I'll look out for him although I will be with 2 of mine own who will prob be crying and wetting them selves!! (I've turned into such a hag recently )


----------



## emsy2525 (Feb 11, 2008)

hey ladies

just thought i would post as im going to see madonna on saturday got tickets in gold circle im sooo xcited 

emsy x


----------



## Hayleigh (Apr 29, 2008)

Hey! Emsy you found it


----------



## Shellebell (Dec 31, 2004)

There seem to be a lot of girls from FF going   

Did you all have the orange FF wrist bands  
You might just bump into someone in real life while you are there, and you could tell each other by your wrist bands


----------



## Just a girl (Mar 6, 2008)

Emsy - Whats the gold circle? I want to be in the gold circle  

Hayliegh - Hows you lovely, have you got a start date yet?

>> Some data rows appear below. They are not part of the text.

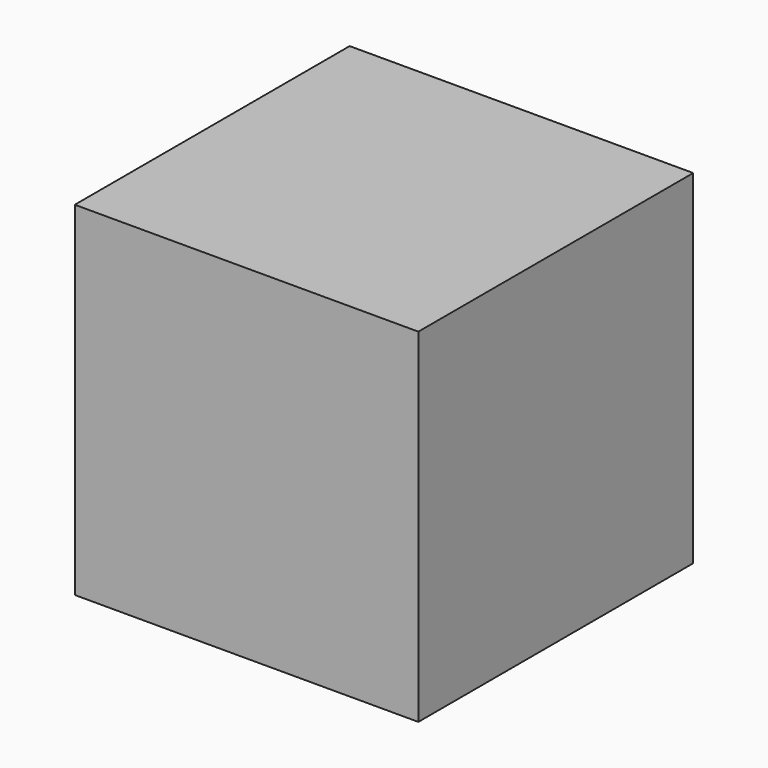
from build123d import *

# Parameters (mm, degrees)
F0_W          = 50
F0_H          = 50
F1_DEPTH      = 25
F1_DEPTH_BACK = 25


# Not quite as in the source:
# - the program builds the solid bodies; features that only make, move or delete a surface that nothing else refers to are left out


with BuildPart() as f1:
    # F0 (on Top) → F1 (new body, two sides)
    with BuildSketch(Plane.XY) as f1_sk:
        Rectangle(F0_W, F0_H)
    extrude(amount=F1_DEPTH)
    extrude(f1_sk.sketch, amount=-F1_DEPTH_BACK)


solid = f1.part
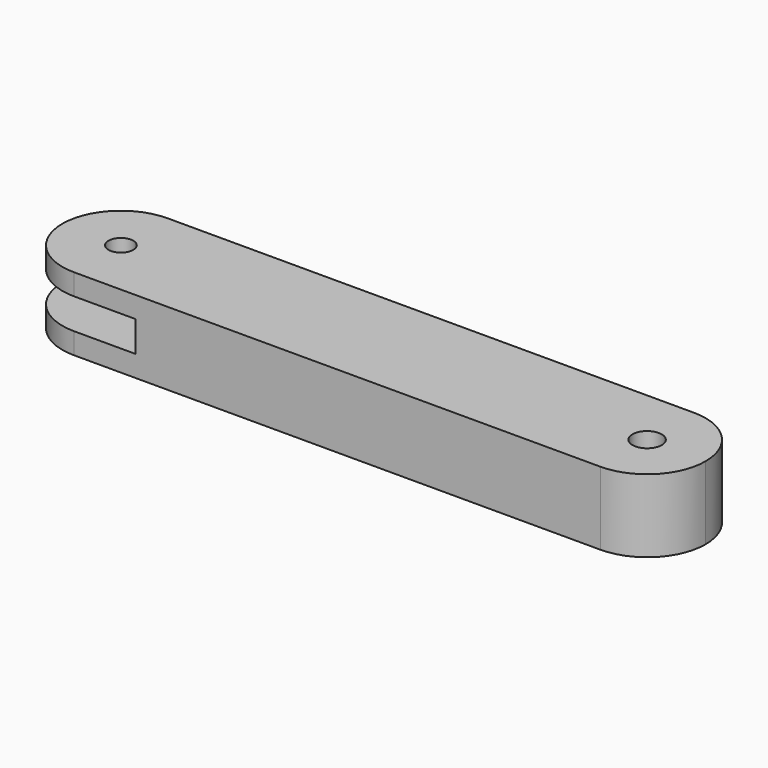
from build123d import *

# Parameters (mm, degrees)
F0_W     = 220
F0_H     = 40
F1_DEPTH = 12.5
F2_W     = 41
F2_H     = 10.5
F3_DEPTH = 20
F4_R     = 19.99999
F6_D     = 8.5
F8_D     = 10
F9_R     = 19.99999


# Not quite as in the source:
# - a fillet or chamfer is up to 0.001 mm smaller than in the source, because OpenCascade refuses the exact size


with BuildPart() as f1:
    # F0 (on Top) → F1 (new body, symmetric)
    with BuildSketch(Plane.XY):
        Rectangle(F0_W, F0_H)
    extrude(amount=F1_DEPTH, both=True)

    # F2 (on Front) → F3 (cut, symmetric)
    with BuildSketch(Plane.XZ):
        with Locations((-89.5, 0)):
            Rectangle(F2_W, F2_H)
    extrude(amount=F3_DEPTH, both=True, mode=Mode.SUBTRACT)

    # F4 (radius 20 in the source; OpenCascade refuses exactly that, so slightly less here)
    f4_edges = [f1.edges().sort_by_distance(p)[0] for p in [
        (-110, 20, 8.875),
        (-110, -20, 8.875),
        (-110, -20, -8.875),
        (-110, 20, -8.875),
    ]]
    fillet(f4_edges, radius=F4_R)

    # F6 (through all)
    with Locations(Plane(origin=(0, 0, -12.5), x_dir=(1, 0, 0), z_dir=(0, 0, -1))):
        with Locations((-90, 0)):
            Hole(F6_D / 2)

    # F8 (through all)
    with Locations(Plane(origin=(0, 0, -12.5), x_dir=(1, 0, 0), z_dir=(0, 0, -1))):
        with Locations((90, 0)):
            Hole(F8_D / 2)

    # F9 (radius 20 in the source; OpenCascade refuses exactly that, so slightly less here)
    f9_edges = [f1.edges().sort_by_distance(p)[0] for p in [
        (110, -20, 0),
        (110, 20, 0),
    ]]
    fillet(f9_edges, radius=F9_R)


solid = f1.part
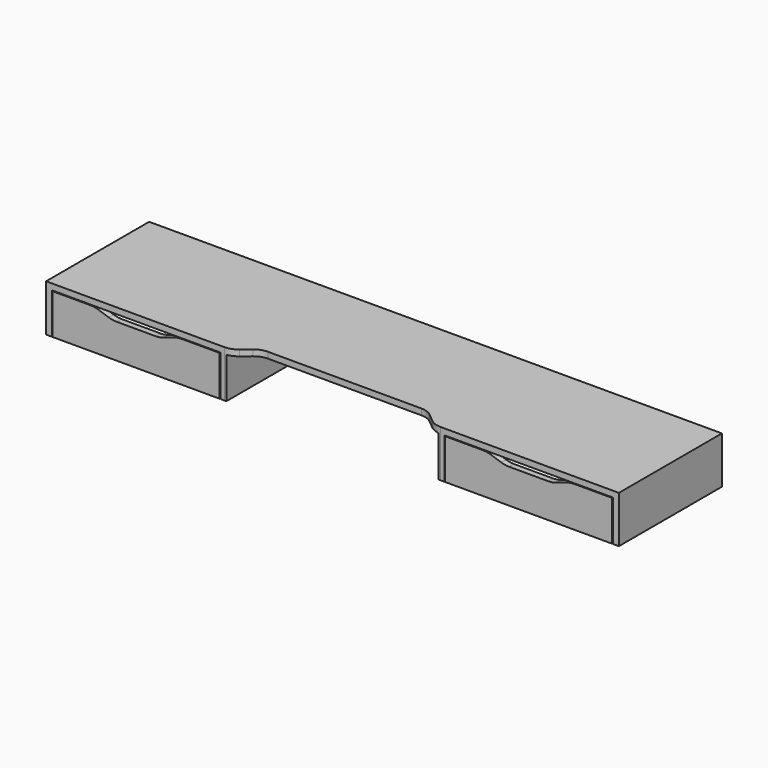
from build123d import *

# Parameters (mm, degrees)
F0_W      = 1200.15
F0_H      = 269.875
F1_DEPTH  = 12.7
F2_W      = 269.875
F2_H      = 85.725
F3_DEPTH  = 12.7
F4_W      = 269.875
F4_H      = 85.725
F5_DEPTH  = 12.7
F6_W      = 12.7
F6_H      = 269.875
F7_DEPTH  = 85.725
F9_DEPTH  = 12.7
F10_R     = 38.1
F11_W     = 349.885
F11_H     = 84.455
F12_DEPTH = 12.7
F13_W     = 349.885
F13_H     = 84.455
F14_DEPTH = 12.7
F16_DEPTH = 12.7
F17_R     = 50.8
F19_DEPTH = 12.7
F20_R     = 50.8


with BuildPart() as f1:
    # F0 (on Top) → F1 (new body)
    with BuildSketch(Plane.XY):
        Rectangle(F0_W, F0_H)
    extrude(amount=F1_DEPTH)

    # F2 (on face) → F3 (join)
    with BuildSketch(Plane(origin=(-600.075, 0, 0), x_dir=(0, -1, 0), z_dir=(-1, 0, 0))):
        with Locations((0, -42.8625)):
            Rectangle(F2_W, F2_H)
    extrude(amount=-F3_DEPTH)

    # F4 (on face) → F5 (join)
    with BuildSketch(Plane.YZ.offset(600.075)):
        with Locations((0, -42.8625)):
            Rectangle(F4_W, F4_H)
    extrude(amount=-F5_DEPTH)

    # F6 (on face) → F7 (join)
    with BuildSketch(Plane(origin=(0, 0, 0), x_dir=(1, 0, 0), z_dir=(0, 0, -1))):
        with Locations((228.6, 0)):
            Rectangle(F6_W, F6_H)
        with Locations((-228.6, 0)):
            Rectangle(F6_W, F6_H)
    extrude(amount=F7_DEPTH)

    # F8 (on face) → F9 (cut)
    with BuildSketch(Plane.XY.offset(12.7)):
        Polygon((174.625, -103.1875), (-174.625, -103.1875), (-212.725, -134.9375), (212.725, -134.9375), align=None)
    extrude(amount=-F9_DEPTH, mode=Mode.SUBTRACT)

    # F10
    f10_edges = [f1.edges().sort_by_distance(p)[0] for p in [
        (-174.625, -103.1875, 6.35),
        (-212.725, -134.9375, 6.35),
        (174.625, -103.1875, 6.35),
        (212.725, -134.9375, 6.35),
    ]]
    fillet(f10_edges, radius=F10_R)


with BuildPart() as f12:
    # F11 (on face) → F12 (new body)
    with BuildSketch(Plane.XZ.offset(134.9375)):
        with Locations((-411.1625, -43.4975)):
            Rectangle(F11_W, F11_H)
    extrude(amount=-F12_DEPTH)

    # F15 (on face) → F16 (cut)
    with BuildSketch(Plane.XZ.offset(134.9375)):
        Polygon((-323.69125, -1.27), (-498.63375, -1.27), (-460.53375, -13.97), (-361.79125, -13.97), align=None)
    extrude(amount=-F16_DEPTH, mode=Mode.SUBTRACT)

    # F17
    f17_edges = [f12.edges().sort_by_distance(p)[0] for p in [
        (-498.63375, -128.5875, -1.27),
        (-460.53375, -128.5875, -13.97),
        (-361.79125, -128.5875, -13.97),
        (-323.69125, -128.5875, -1.27),
    ]]
    fillet(f17_edges, radius=F17_R)


with BuildPart() as f14:
    # F13 (on face) → F14 (new body)
    with BuildSketch(Plane.XZ.offset(134.9375)):
        with Locations((411.1625, -43.4975)):
            Rectangle(F13_W, F13_H)
    extrude(amount=-F14_DEPTH)

    # F18 (on face) → F19 (cut)
    with BuildSketch(Plane.XZ.offset(134.9375)):
        Polygon((498.63375, -1.27), (323.69125, -1.27), (361.79125, -13.97), (460.53375, -13.97), align=None)
    extrude(amount=-F19_DEPTH, mode=Mode.SUBTRACT)

    # F20
    f20_edges = [f14.edges().sort_by_distance(p)[0] for p in [
        (323.69125, -128.5875, -1.27),
        (361.79125, -128.5875, -13.97),
        (460.53375, -128.5875, -13.97),
        (498.63375, -128.5875, -1.27),
    ]]
    fillet(f20_edges, radius=F20_R)


solid = Compound([f1.part, f12.part, f14.part])
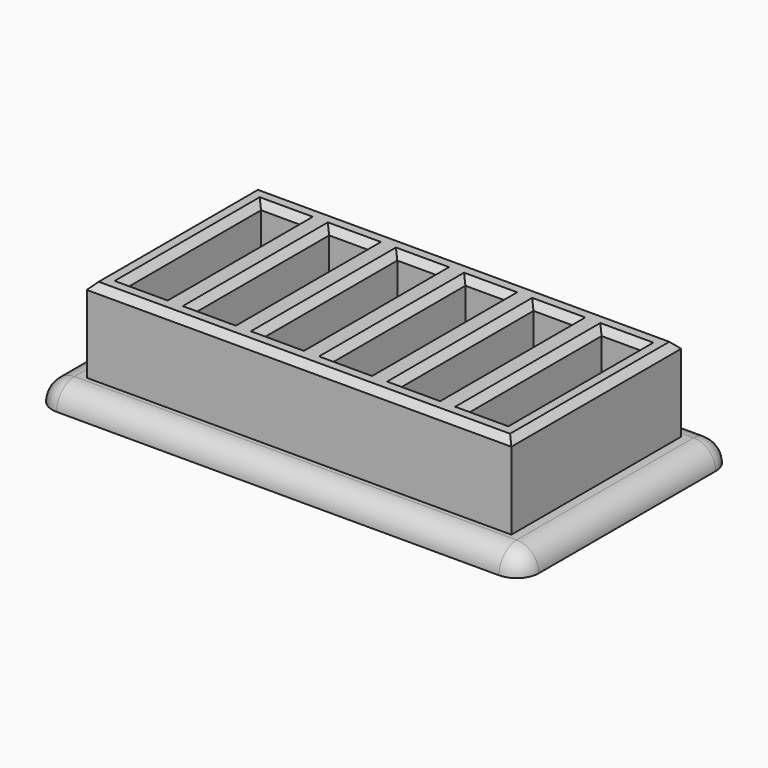
from build123d import *

# Parameters (mm, degrees)
F0_W     = 96
F0_H     = 48
F1_DEPTH = 2
F2_W     = 96
F2_H     = 48
F2_W_2   = 9
F2_H_2   = 38
F3_DEPTH = 22
F0_W_2   = 110
F0_H_2   = 60
F4_DEPTH = 5
F5_R     = 4.99999
F6_SIZE  = 1.5


# Not quite as in the source:
# - a fillet or chamfer is up to 0.001 mm smaller than in the source, because OpenCascade refuses the exact size
# - a feature names something its author has since deleted; it is built from what else it names


with BuildPart() as f1:
    # F0 (on Top) → F1 (new body)
    with BuildSketch(Plane.XY):
        Rectangle(F0_W, F0_H)
    extrude(amount=F1_DEPTH)

    # F2 (on face) → F3 (join)
    with BuildSketch(Plane.XY.offset(2)):
        Rectangle(F2_W, F2_H)
        with Locations((-38.5, 0)):
            Rectangle(F2_W_2, F2_H_2, mode=Mode.SUBTRACT)
        with Locations((-23.1, 0)):
            Rectangle(F2_W_2, F2_H_2, mode=Mode.SUBTRACT)
        with Locations((-7.7, 0)):
            Rectangle(F2_W_2, F2_H_2, mode=Mode.SUBTRACT)
        with Locations((7.7, 0)):
            Rectangle(F2_W_2, F2_H_2, mode=Mode.SUBTRACT)
        with Locations((23.1, 0)):
            Rectangle(F2_W_2, F2_H_2, mode=Mode.SUBTRACT)
        with Locations((38.5, 0)):
            Rectangle(F2_W_2, F2_H_2, mode=Mode.SUBTRACT)
    extrude(amount=F3_DEPTH)

    # F0 (on Top) → F4 (join)
    with BuildSketch(Plane.XY):
        Rectangle(F0_W_2, F0_H_2)
        Rectangle(F0_W, F0_H, mode=Mode.SUBTRACT)
    extrude(amount=F4_DEPTH)

    # F5 (radius 5 in the source; OpenCascade refuses exactly that, so slightly less here)
    f5_edges = [f1.edges().sort_by_distance(p)[0] for p in [
        (0, -30, 5),
        (-55, 0, 5),
        (0, 30, 5),
        (55, 0, 5),
        (55, -30, 2.5),
        (55, 30, 2.5),
        (-55, -30, 2.5),
        (-55, 30, 2.5),
    ]]
    fillet(f5_edges, radius=F5_R)

    # F6
    f6_edges = [f1.edges().sort_by_distance(p)[0] for p in [
        (0, -24, 24),
        (-48, 0, 24),
        (0, 24, 24),
        (48, 0, 24),
        (-43, 0, 24),
        (-34, 0, 24),
        (-38.5, -19, 24),
        (-38.5, 19, 24),
        (-23.1, -19, 24),
        (-18.6, 0, 24),
        (-27.6, 0, 24),
        (-23.1, 19, 24),
        (-7.7, 19, 24),
        (-12.2, 0, 24),
        (-7.7, -19, 24),
        (-3.2, 0, 24),
        (3.2, 0, 24),
        (12.2, 0, 24),
        (7.7, -19, 24),
        (7.7, 19, 24),
        (18.6, 0, 24),
        (23.1, 19, 24),
        (27.6, 0, 24),
        (23.1, -19, 24),
        (38.5, -19, 24),
        (34, 0, 24),
        (43, 0, 24),
        (38.5, 19, 24),
    ]]
    chamfer(f6_edges, length=F6_SIZE)


solid = f1.part
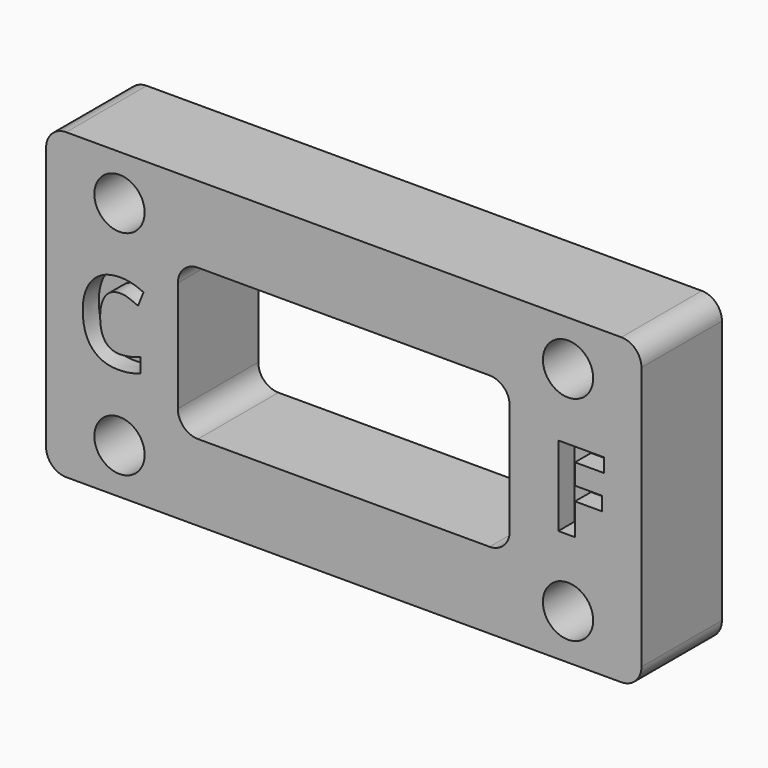
from build123d import *

# Parameters (mm, degrees)
F0_W         = 75.184
F0_H         = 38.354
F0_R         = 3.175
F0_W_2       = 41.91
F0_H_2       = 19.05
F1_DEPTH     = 12.7
F2_R         = 2.54
F3_TEXT_SIZE = 14.1111111111
F4_DEPTH     = 2.54


# Not quite as in the source:
# - Text() gives the source's letters only with a copy of the font that has no kerning and outlines rounded to 1/6400 em; it was checked with that copy


with BuildPart() as f1:
    # F0 (on Front) → F1 (new body)
    with BuildSketch(Plane.XZ):
        with Locations((37.592, 19.177)):
            Rectangle(F0_W, F0_H)
        with Locations((9.271, 5.715)):
            Circle(F0_R, mode=Mode.SUBTRACT)
        with Locations((65.913, 5.715)):
            Circle(F0_R, mode=Mode.SUBTRACT)
        with Locations((9.271, 32.639)):
            Circle(F0_R, mode=Mode.SUBTRACT)
        with Locations((37.592, 19.177)):
            Rectangle(F0_W_2, F0_H_2, mode=Mode.SUBTRACT)
        with Locations((65.913, 32.639)):
            Circle(F0_R, mode=Mode.SUBTRACT)
    extrude(amount=F1_DEPTH)

    # F2
    f2_edges = [f1.edges().sort_by_distance(p)[0] for p in [
        (0, -6.35, 38.354),
        (0, -6.35, 0),
        (75.184, -6.35, 38.354),
        (75.184, -6.35, 0),
        (16.637, -6.35, 28.702),
        (58.547, -6.35, 9.652),
        (58.547, -6.35, 28.702),
        (16.637, -6.35, 9.652),
    ]]
    fillet(f2_edges, radius=F2_R)

    # F3 (on face) → F4 (cut)
    with BuildSketch(Plane.XZ.offset(12.7)):
        with Locations((3.81, 14.224)):
            Text('C', F3_TEXT_SIZE, font='Open Sans', font_style=FontStyle.BOLD, text_align=(TextAlign.LEFT, TextAlign.BOTTOM))
        with Locations((63.41665625, 14.224)):
            Text('F', F3_TEXT_SIZE, font='Open Sans', font_style=FontStyle.BOLD, text_align=(TextAlign.LEFT, TextAlign.BOTTOM))
    extrude(amount=-F4_DEPTH, mode=Mode.SUBTRACT)


solid = f1.part

Shellebell - No I dont have a wrist band (really must become a chrter VIP - well maybe after this weekend as the tickets are £75.00!)


----------



## ❁ BG2007 ❁ (Jun 26, 2007)

So come on, what was it like, was it good?!


----------



## Just a girl (Mar 6, 2008)

OMG - AMAZING, FANTASTIC, she just get's better!!!!  Cardiff was a nightmare though, took an hour just to get through the city centre, so didnt get home till 3.30am and most of the drive was in heavy rain (I was driving!!) but it was worth it, still buzzing, I want to go again!


----------



## emsy2525 (Feb 11, 2008)

OMG I totally agree with u JAG, she was AMAZING i am ona high..we were sooo close to her 

we didnt get home til 3.30 either but like u said worth it completely

em x


----------